本剤の必要量を注射筒で抜き取り、生理食塩液又は5%ブドウ糖液で希釈し、0.6~8mg/mLの濃度になるように調製すること。

※引用文献:
1)ザルトラップ IF:Ⅷ.安全性(使用上の注意等)に関する項目「14.適用上の注意」

特定の背景を有する患者

  • Q
  • 小児への投与は?

A.

低出生体重児、新生児、乳児、幼児又は小児を対象とした臨床試験は実施しておらず、安全性は確立していない。

※引用文献:
1)ザルトラップ IF:Ⅷ.安全性(使用上の注意等)に関する項目 「11.小児等への投与」
  • Q
  • 高齢者への投与は?

A.

海外臨床試験において、65歳未満の患者さんと比較し、65歳以上の患者さんでは下痢、浮動性めまい、無力症、体重減少及び脱水の発現率が高かった。高齢者では下痢及び脱水の発現について十分に観察を行うこと。

※引用文献:
1)ザルトラップ IF:Ⅷ.安全性(使用上の注意等)に関する項目「9.高齢者への投与」
  • Q
  • 肝機能障害患者さんへの投与は?

A.

本剤は、主にタンパク分解経路により消失すると考えられることから、肝機能の低下が本剤の曝露量に影響を及ぼす可能性は低いと考える。
外国人固形癌患者さんにおける母集団薬物動態解析(1,507例)で、総ビリルビン(BILI)、アスパラギン酸アミノトランスフェラーゼ(AST)及びアラニンアミノトランスフェラーゼ(ALT)は、遊離形アフリベルセプト ベータのクリアランスに影響しなかった。
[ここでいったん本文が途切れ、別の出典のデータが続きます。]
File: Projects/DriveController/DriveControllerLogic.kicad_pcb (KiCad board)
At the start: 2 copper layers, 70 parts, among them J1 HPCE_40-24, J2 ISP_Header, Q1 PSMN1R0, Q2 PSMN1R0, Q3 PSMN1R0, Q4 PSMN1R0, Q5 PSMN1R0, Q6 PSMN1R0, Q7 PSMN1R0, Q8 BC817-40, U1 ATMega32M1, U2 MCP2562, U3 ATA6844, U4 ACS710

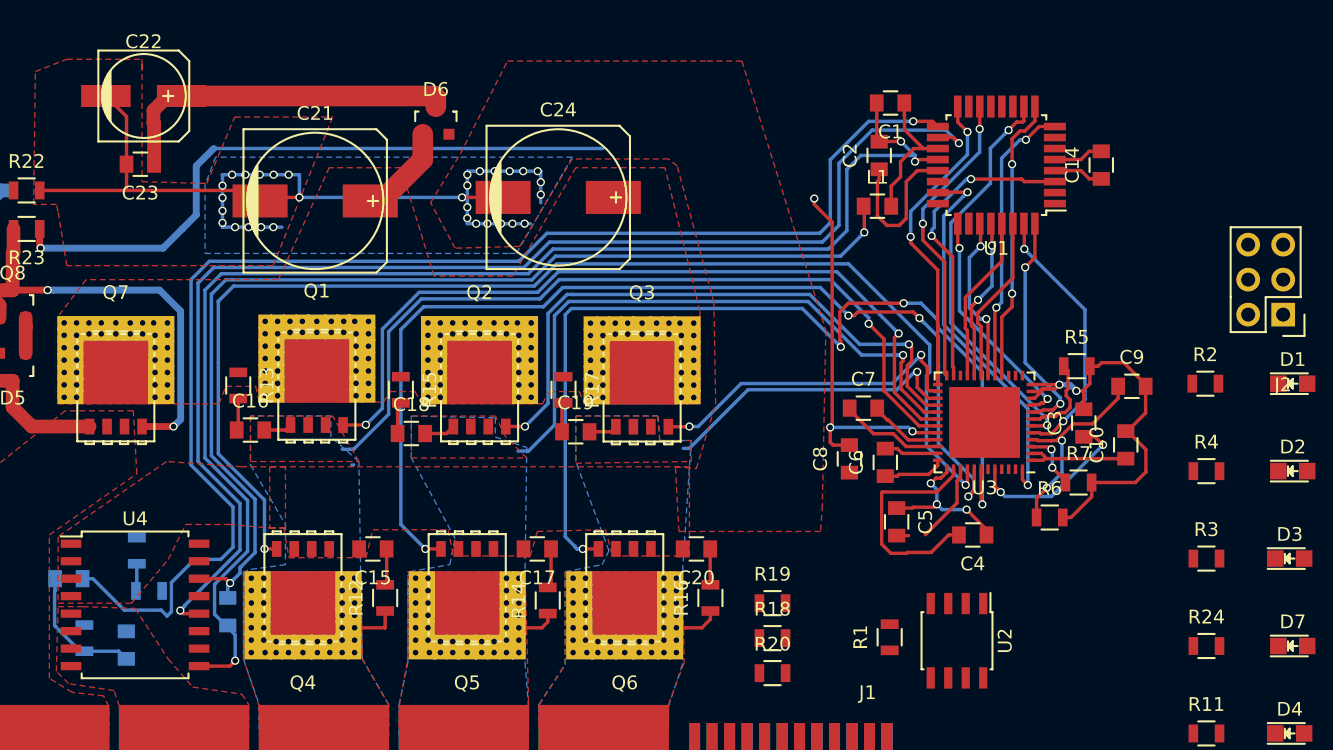
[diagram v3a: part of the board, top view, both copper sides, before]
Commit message: Optimizing logic traces
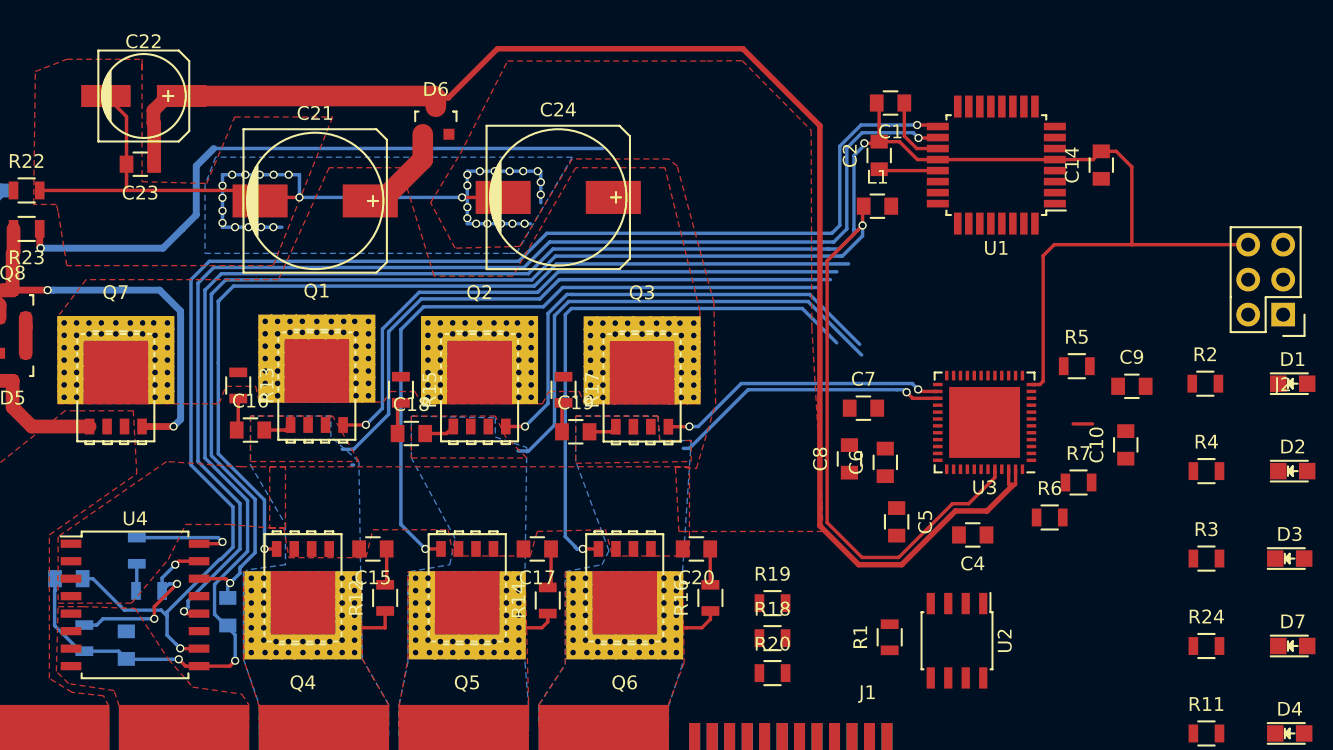
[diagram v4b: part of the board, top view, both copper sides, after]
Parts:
- removed C3: 2.2uF, Capacitors_SMD:C_0805
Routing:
- net /DriveControllerPower/VBAT: track 25.6 -> 106.6 mm
- net /WD: track 29.7 -> 0.00 mm, vias 2 -> 0
- net /DriveControllerPower/L3: track 68.1 -> 39.9 mm, vias 4 -> 1
- net /NCOAST: track 28.0 -> 0.00 mm, vias 2 -> 0
- net /DriveControllerPower/CPOUT: track 75.1 -> 47.3 mm, vias 4 -> 1
- net /DriveControllerPower/L2: track 75.4 -> 49.5 mm, vias 4 -> 1
- net /DG3: track 23.0 -> 0.00 mm, vias 2 -> 0
- net /5V0: track 94.1 -> 116.8 mm, vias 4 -> 2
- net /DG1: track 22.5 -> 0.00 mm, vias 2 -> 0
- net /DG2: track 22.0 -> 0.00 mm, vias 2 -> 0
- net /DriveControllerPower/L1: track 88.2 -> 67.2 mm, vias 2 -> 1
- net /IH3: track 20.8 -> 0.00 mm, vias 2 -> 0
- net /IL3: track 20.7 -> 0.00 mm, vias 2 -> 0
- net /NRESET: track 19.6 -> 0.00 mm, vias 2 -> 0
- net /SCREF: track 16.8 -> 0.00 mm, vias 2 -> 0
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
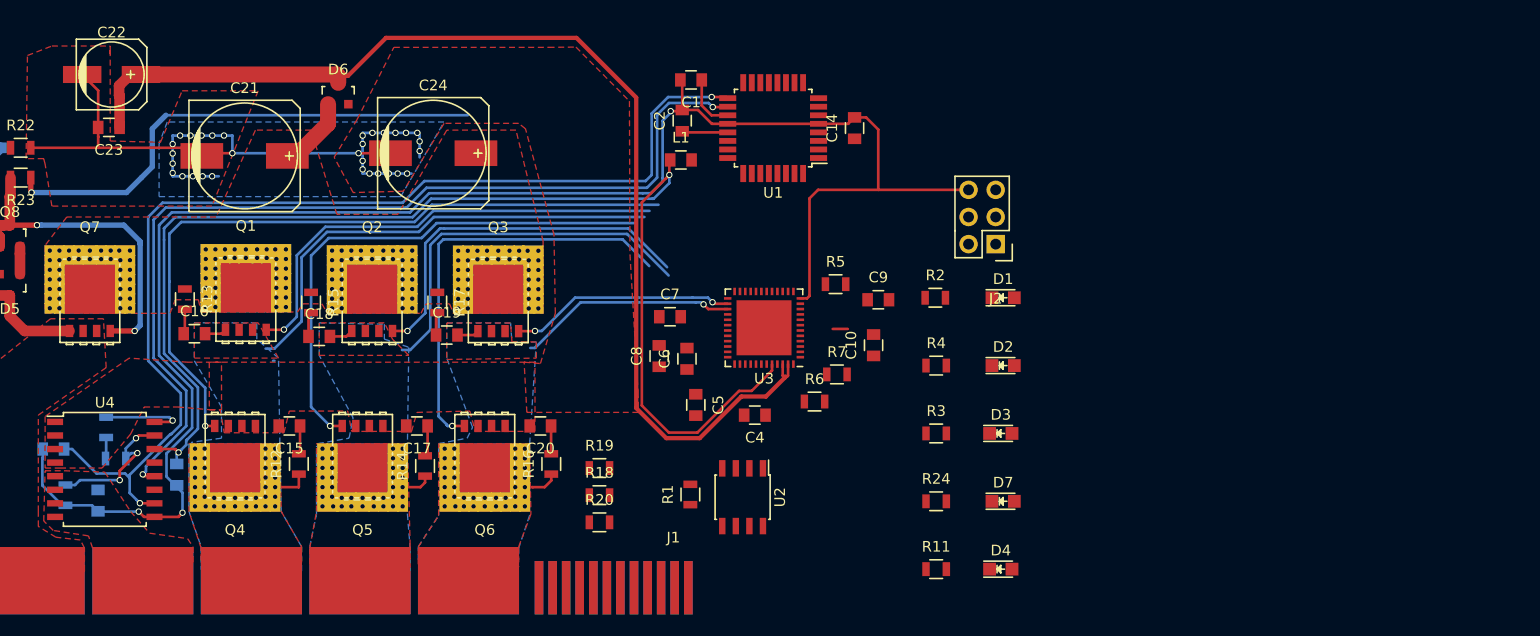
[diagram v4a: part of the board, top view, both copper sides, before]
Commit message: Lots of good progress on routing drive PCB
just a few traces and organization left
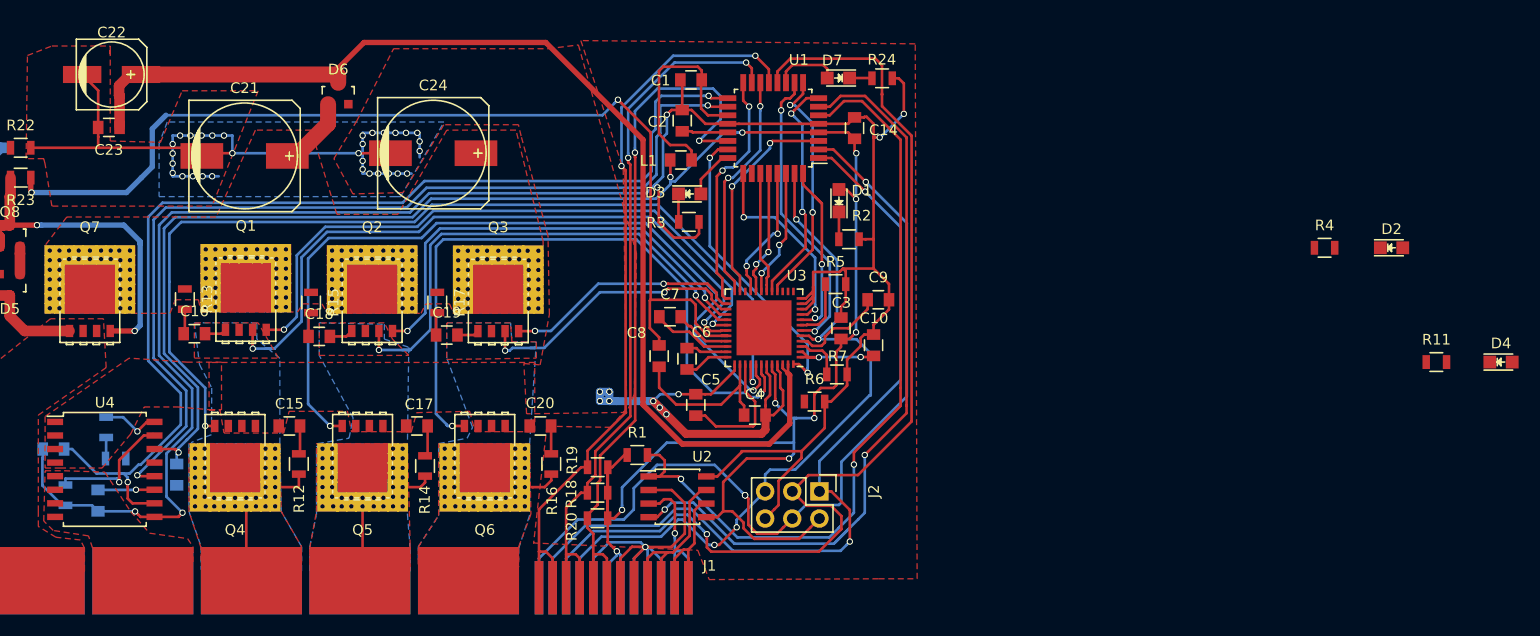
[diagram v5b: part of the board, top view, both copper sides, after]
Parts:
- added C3: 2.2uF, Capacitors_SMD:C_0805, F.Cu at (177.1, 122.4)
- moved D4 50.7 mm to (238.9, 125.6)
- moved R11 50.7 mm to (232.8, 125.6)
- moved D7 42.5 mm to (176.9, 99.0), turned to 180 degrees
- moved R24 39.9 mm to (180.9, 99.0)
- moved D2 38.0 mm to (228.6, 114.9)
- moved R4 38.0 mm to (222.4, 114.9)
- moved D3 36.7 mm to (162.9, 109.9)
- moved R3 30.5 mm to (162.9, 112.5)
- moved J2 28.4 mm to (175.1, 137.7), turned to 270 degrees
- moved D1 17.8 mm to (176.9, 110.5), turned to 90 degrees
- moved R2 9.76 mm to (177.9, 114.1)
- moved R1 6.19 mm to (158.0, 134.3), turned to 0 degrees
- moved U2 6.10 mm to (161.8, 138.2), turned to 0 degrees
- moved R20 0.42 mm to (154.3, 140.2), turned to 180 degrees
- moved R18 0.29 mm to (154.3, 137.8), turned to 180 degrees
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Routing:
- net /LGND: track 158.0 -> 258.8 mm, vias 3 -> 7
- net /SCK: track 0.00 -> 100.1 mm, vias 0 -> 1
- net /5V0: track 116.8 -> 207.5 mm, vias 2 -> 11
- net /MOSI: track 0.00 -> 81.0 mm, vias 0 -> 3
- net /MISO: track 0.00 -> 79.2 mm, vias 0 -> 2
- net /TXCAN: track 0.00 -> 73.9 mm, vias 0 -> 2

また、補正アルカリホスファターゼ(ALK)値が高い患者さん[ALK がULN(正常値上限)の3.24倍以上]ではクリアランスが12.9%増加すると推定された。しかし、肝障害の程度別の遊離形アフリベルセプト ベータのクリアランス値はいずれもあまり大きな差がみられず、アフリベルセプト ベータのクリアランスに対する肝障害の影響は認められなかった。なお、ビリルビン値が3ULN を超える肝障害患者さんのデータは得られていない。

 

 



※引用文献:
1)ザルトラップ IF:Ⅶ.薬物動態に関する項目
  • Q
  • 妊婦への投与は?

A.

妊婦又は妊娠している可能性のある女性への投与は禁忌です。
本剤の標的分子であるVEGF は胚胎児発生に関与すること、並びに妊娠維持及び羊水量の調節に重要な役割を果たしていること等が知られており、器官形成期におけるVEGF/VEGFR 経路の阻害により胚胎児発生に影響を及ぼす可能性があると考えられる。ウサギでの胚胎児発生に関する試験において、アフリベルセプト ベータを3mg/kg/回以上で静脈内投与したところ、胎児吸収増加、妊娠中断及び多数の胎児奇形(外表、内臓及び骨格)が認められた。このため、妊婦又は妊娠している可能性のある女性に対しては本剤を投与しないこと。

また、サルを用いた反復投与毒性試験においては、本剤の投与が雌雄の受胎能に影響を及ぼす可能性が示唆されている。妊娠する可能性のある女性及びパートナーが妊娠する可能性のある男性に対しては、本剤による治療中及び本剤投与後一定期間は有効な避妊法を使用するよう指導すること。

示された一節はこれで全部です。